🤖 AI Summary
This work addresses the identification and characterization of irreducible higher-order interactions in complex systems, systematically comparing topological data analysis (TDA) and multivariate information theory (MIT) in modeling higher-order structural dependencies.
Method: We integrate persistent homology, partial information decomposition (PID), fMRI-based modeling, and robustness evaluation of dimensionality reduction techniques.

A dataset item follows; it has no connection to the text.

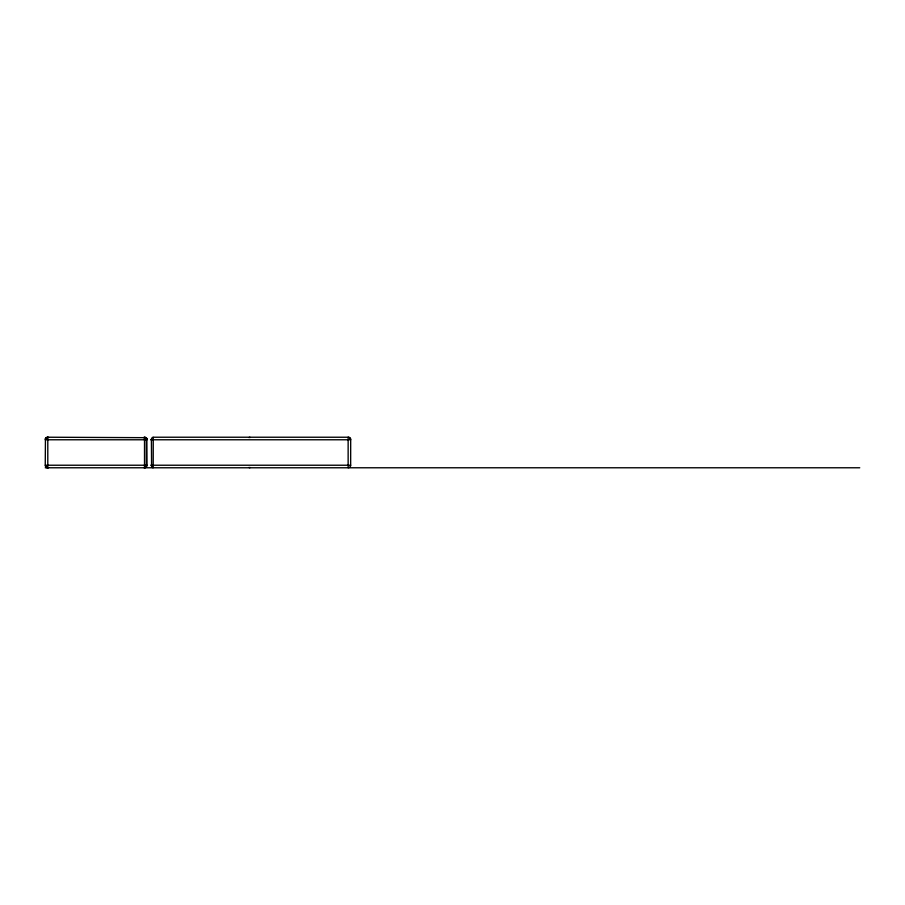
<?xml version="1.0" encoding="UTF-8"?>
<svg xmlns="http://www.w3.org/2000/svg" width="905" height="905" viewBox="0 0 905 905"><rect width="100%" height="100%" fill="white"/><g stroke="black" fill="none" stroke-linecap="round" stroke-linejoin="round"><path stroke-width="1.36" d="M153.25 437.364L153.205 467.727L152.459 467.58A2.229 1.663 -84.9 0 1 151.689 466.754L151.678 466.584M45.442 438.71L45.25 465.227A2.545 2.545 0 0 0 47.795 467.772L48.542 467.58M150.671 439.773L350.642 439.773L350.54 438.846A2.285 2.285 0 0 0 349.964 437.963L349.579 437.658A2.783 2.783 0 0 0 348.335 437.239L153.205 437.228A2.545 1.799 -90 0 0 151.407 439.773L151.599 466.347M45.273 465.227L147.04 465.227L146.87 438.71M150.671 465.227L350.654 465.227L350.688 439.773A2.545 2.545 0 0 0 348.142 437.228L348.142 467.727A2.545 2.545 0 0 0 350.688 465.227M45.25 467.772L859.75 467.772M143.771 467.58L144.517 467.772A2.545 2.545 0 0 0 147.062 465.227M249.927 437.568L249.927 437.262A2.545 1.799 -90 0 0 248.999 437.59M249.927 467.433L249.927 467.738A2.545 1.799 90 0 1 248.999 467.41M47.795 467.772A2.545 1.799 90 0 1 46.257 466.539A2.545 1.799 -90 0 0 47.795 467.772L47.795 437.228L146.01 437.681A2.229 2.229 0 0 1 146.882 438.71M46.257 438.461A2.545 1.799 -90 0 1 48.723 437.59M143.59 437.59A2.545 1.799 -90 0 1 145.4 437.556A2.545 1.799 -90 0 1 146.316 439.773L146.316 465.227A2.545 1.799 90 0 1 144.517 467.772L144.517 437.239A2.545 2.545 0 0 1 147.062 439.773L45.273 439.773A2.545 2.545 0 0 1 47.795 437.228L46.302 437.681A2.229 2.229 0 0 0 45.431 438.71"/></g></svg>
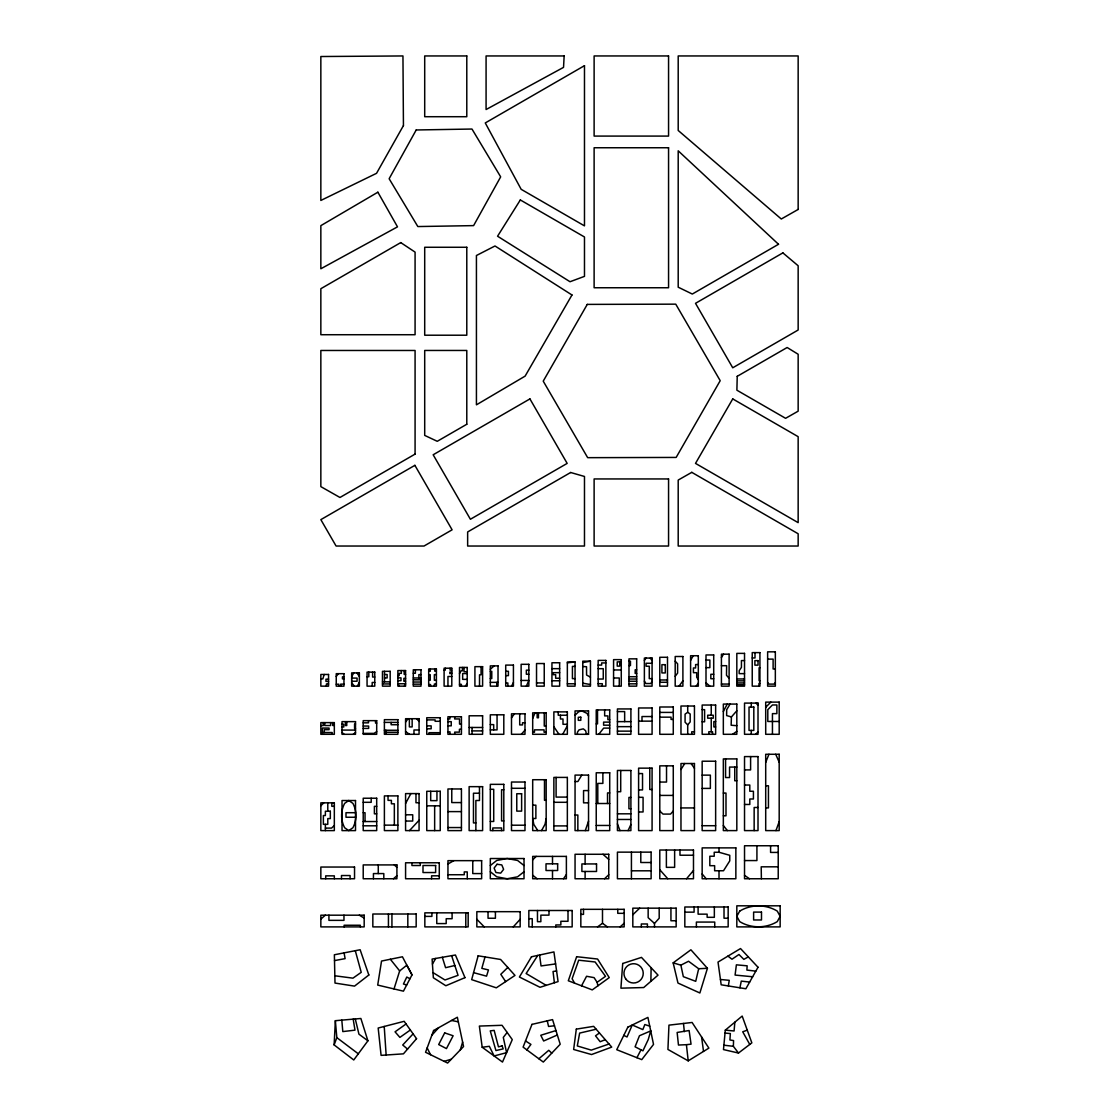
<?xml version="1.0" encoding="UTF-8"?>
<svg xmlns="http://www.w3.org/2000/svg" width="1119" height="1119" viewBox="0 0 1119 1119"><rect width="100%" height="100%" fill="white"/><g stroke="black" fill="none" stroke-linecap="round" stroke-linejoin="round"><path stroke-width="1.5" d="M650.866 981.335L651.118 967.725M736.82 710.789L731.42 716.943L731.141 725.224L736.82 725.699M738.484 1053.035L723.475 1049.58L725.308 1030.151L742.177 1016.066L751.842 1042.852L738.484 1053.035L733.365 1046.307L733.574 1040.586L729.91 1039.971L730.357 1033.564L725.028 1033.061M334.133 1044.908L335.364 1020.696L360.877 1018.486L367.913 1040.81L353.758 1059.973L334.133 1044.908L336.833 1037.635L335.364 1020.696M734.847 1022.179L734.092 1030.977L725.308 1030.151M728.343 985.951L729.252 980.314L720.44 979.489M546.17 818.632L545.037 824.255L541.554 830.606M739.911 987.811L741.296 981.111L749.66 982.062M680.884 965.165L688.549 961.263L698.676 968.732L695.724 981.321L683.331 976.677L680.884 965.165L673.162 962.858L677.974 983.055L699.865 992.987L707.432 968.299L690.899 949.793L673.162 962.858M485.031 956.941L481.827 968.369L488.457 969.935L486.555 976.16L473.575 972.649M460.287 1049.902L462.623 1042.125M394.014 988.944L399.665 970.914L406.84 965.193L412.03 974.803L403.441 991.168L377.704 985.084L381.537 961.053L402.434 956.787L411.96 974.943M585.279 830.606L588.538 821.178M775.957 830.606L779.188 821.668M765.704 762.375L768.949 754.276M567.347 725.825L562.717 734.302M532.686 718.384L535.036 712.845M526.35 686.157L528.839 680.436L521.132 680.436M628.081 830.606L630.906 824.465M351.66 679.051L352.121 678.086L357.073 678.086L357.073 681.233L351.66 681.233M652.083 681.121L650.894 683.527L645.915 683.527L644.376 681.121M404.379 686.157L405.582 683.751L397.874 683.751L399.343 686.157M511.565 686.157L513.425 682.478M636.921 1057.707L640.977 1049.846M723.336 711.544L727.238 704.075M357.339 686.157L359.367 682.296M581.544 985.811L586.566 976.272L594.091 977.642L597.098 982.3L597.91 985.811M351.66 676.785L353.744 672.897M405.582 803.47L410.883 793.595M690.605 660.364L693.248 655.734M459.503 673.554L461.14 670.785L462.427 670.785L462.427 667.442M432.438 964.032L435.739 958.437M730.078 704.075L726.693 709.698L726.637 715.573L731.42 716.943M581.796 775.089L577.852 781.552L575.054 781.552M721.419 657.566L723.531 654.167M680.967 769.494L684.744 763.522M537.777 955.416L526.14 973.544L546.198 985.349M465.35 686.157L467.21 683.443M563.486 878.751L566.382 874.568M696.158 686.157L698.312 683.122M511.495 717.839L514.418 713.824M679.051 686.157L682.898 680.87M336.246 676.491L338.344 673.68M526.867 1049.902L530.924 1044.405L525.524 1040.922M644.376 660.406L646.125 658.07M675.191 676.31L677.61 673.092L677.61 663.819L675.191 661.161M405.582 722.021L408.085 718.706M507.159 1032.445L503.298 1037.411L506.585 1052.671L494.122 1055.958L489.339 1046.307L482.191 1047.258L479.366 1026.067L502.039 1025.298L512.278 1039.607L502.487 1062.057L482.191 1047.258M598.763 734.302L603.659 728.105L609.715 728.105M687.709 734.302L687.709 724.874L690.185 721.923L690.185 714.006L687.709 712.299L687.709 706.019M686.548 878.751L693.486 870.456M521.328 734.302L524.979 730.161M673.274 811.009L670.533 814.086L663.007 814.086L659.79 811.009M431.878 1035.201L438.69 1027.69M513.257 926.896L520.167 919.286M654.489 926.896L654.489 923.427L659.203 918.223L659.175 908.166M409.498 830.606L419.065 820.269M413.107 1033.872L402.714 1044.992L407.554 1049.09M775.341 682.66L773.97 684.101L769.075 684.101L767.634 682.66M755.661 734.302L758.011 731.924M765.704 707.306L770.837 702.117M532.686 859.882L536.155 856.399M320.845 805.764L323.783 802.841M507.802 967.445L500.794 974.313L505.648 981.615M575.054 715.209L578.635 711.768L581.796 710.901L586.971 713.349L588.538 715.922M632.822 914.741L639.676 908.166M604.54 878.751L608.75 874.75M334.329 825.514L331.56 828.102L325.377 828.102M490.318 669.274L494.164 665.875M620.094 926.896L624.164 923.301M320.845 919.091L325.335 915.188M393.44 878.751L396.909 875.743M538.868 1058.77L548.772 1050.307L551.765 1053.147M353.24 734.302L355.506 732.483M490.318 865.519L496.752 860.455L507.173 858.525L517.579 860.455L524.014 865.519M524.014 871.757L517.579 876.82L507.173 878.751L496.752 876.82L490.318 871.757M599.42 1032.963L595.518 1035.83L600.162 1041.719L605.281 1039.691M597.518 926.896L602.498 923.301L602.498 909.327M732.651 734.302L736.82 731.308M406.057 1023.983L395.049 1031.83L399.889 1037.397L410.351 1029.998M597.098 982.3L605.519 976.341L595.112 961.976L578.691 960.2L572.117 978.733L574.593 983.167M687.709 712.299L685.08 714.118L685.08 722.217L687.709 724.874M376.697 731.672L373.998 733.379L363.213 733.379M688.213 1060.854L708.886 1048.111L692.088 1022.472L668.952 1025.144L667.931 1049.454L688.213 1060.854L686.409 1044.684L678.464 1045.048L677.135 1032.459L689.108 1030.529L691.052 1044.167L686.409 1044.684M447.95 863.98L453.838 860.651M748.303 956.885L743.827 959.361L738.96 954.507L731.994 959.221L727.937 956.116M557.346 1035.005L543.652 1040.992L540.771 1035.271L555.961 1030.557M747.254 1030.151L742.722 1031.788L749.758 1044.433M609.03 1044.013L591.266 1050.126L577.306 1045.957L579.642 1033.089L596.161 1029.228M444.117 1061.344L451.293 1059.245M454.832 965.501L445.586 967.697L442.341 957.291M334.497 960.592L345.1 958.647L344.079 952.884M582.761 662.574L590.454 661.189L590.454 686.157L582.761 686.157L582.761 661.189L590.454 661.189M555.611 963.921L541.05 965.949L539.568 955.025M556.591 970.998L553.038 971.488L554.395 982.762M554.478 1025.773L548.562 1026.459L547.261 1020.836M567.347 662.826L575.054 661.972L575.054 686.157L567.347 686.157L567.347 661.972L575.054 661.972M698.676 968.732L707.432 968.299M708.9 734.302L708.803 731.77L712.551 731.728L712.551 734.302M588.538 734.246L586.496 734.302L585.643 730.763L583.321 728.847L579.013 729.882L577.404 732.232L577.404 734.302M559.654 672.645L553.22 672.701L553.22 674.673L555.667 674.673L555.667 678.24L559.654 678.24M752.234 657.958L755.003 657.958L755.003 652.615M767.634 659.119L773.117 659.119L773.117 668.994L775.341 668.994M706.005 660.056L709.866 660.056L709.866 667.637L706.005 667.637M744.527 660.574L741.435 660.574L741.435 667.372L739.183 670.743L739.183 673.624L744.527 673.624M628.976 661.203L630.459 661.203L630.459 665.553L628.976 665.553M605.869 662.924L601.658 662.924L601.658 665.078L598.161 665.078M652.083 663.273L646.097 663.273L646.097 666.239L649.272 666.239L649.272 678.646L652.083 678.646M698.312 664.546L695.612 664.546L695.612 667.959L693.43 667.959L693.43 672.687L696.703 672.687L696.703 677.233L698.312 679.639M721.419 665.693L726.637 665.693L726.497 675.261L729.112 678.31M575.054 666.378L572.424 666.378L572.424 678.632L575.054 678.632M759.927 667.763L759.102 667.763L759.102 680.758L759.927 680.758M551.947 668.658L559.654 668.658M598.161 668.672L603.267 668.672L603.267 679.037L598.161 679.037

Contribution/Results: We establish, for the first time, a statistically significant positive correlation between three-dimensional topological voids (e.g., spherical structures) and intrinsic synergy—a key MIT measure of higher-order dependence. Furthermore, we demonstrate that widely used linear and nonlinear dimensionality reduction methods—including PCA—systematically discard both higher-order synergistic information and topological features. By unifying TDA’s geometric-topological perspective with MIT’s information-theoretic framework, this work constructs a theoretical bridge between the two paradigms and introduces a testable, integrative paradigm for analyzing higher-order structure in neuroimaging and other complex data domains.
📝 Abstract
The study of irreducible higher-order interactions has become a core topic of study in complex systems. Two of the most well-developed frameworks, topological data analysis and multivariate information theory, aim to provide formal tools for identifying higher-order interactions in empirical data. Despite similar aims, however, these two approaches are built on markedly different mathematical foundations and have been developed largely in parallel. In this study, we present a head-to-head comparison of topological data analysis and information-theoretic approaches to describing higher-order interactions in multivariate data; with the aim of assessing the similarities and differences between how the frameworks define ``higher-order structures."We begin with toy examples with known topologies, before turning to naturalistic data: fMRI signals collected from the human brain. We find that intrinsic, higher-order synergistic information is associated with three-dimensional cavities in a point cloud: shapes such as spheres are synergy-dominated. In fMRI data, we find strong correlations between synergistic information and both the number and size of three-dimensional cavities. Furthermore, we find that dimensionality reduction techniques such as PCA preferentially represent higher-order redundancies, and largely fail to preserve both higher-order information and topological structure, suggesting that common manifold-based approaches to studying high-dimensional data are systematically failing to identify important features of the data. These results point towards the possibility of developing a rich theory of higher-order interactions that spans topological and information-theoretic approaches while simultaneously highlighting the profound limitations of more conventional methods.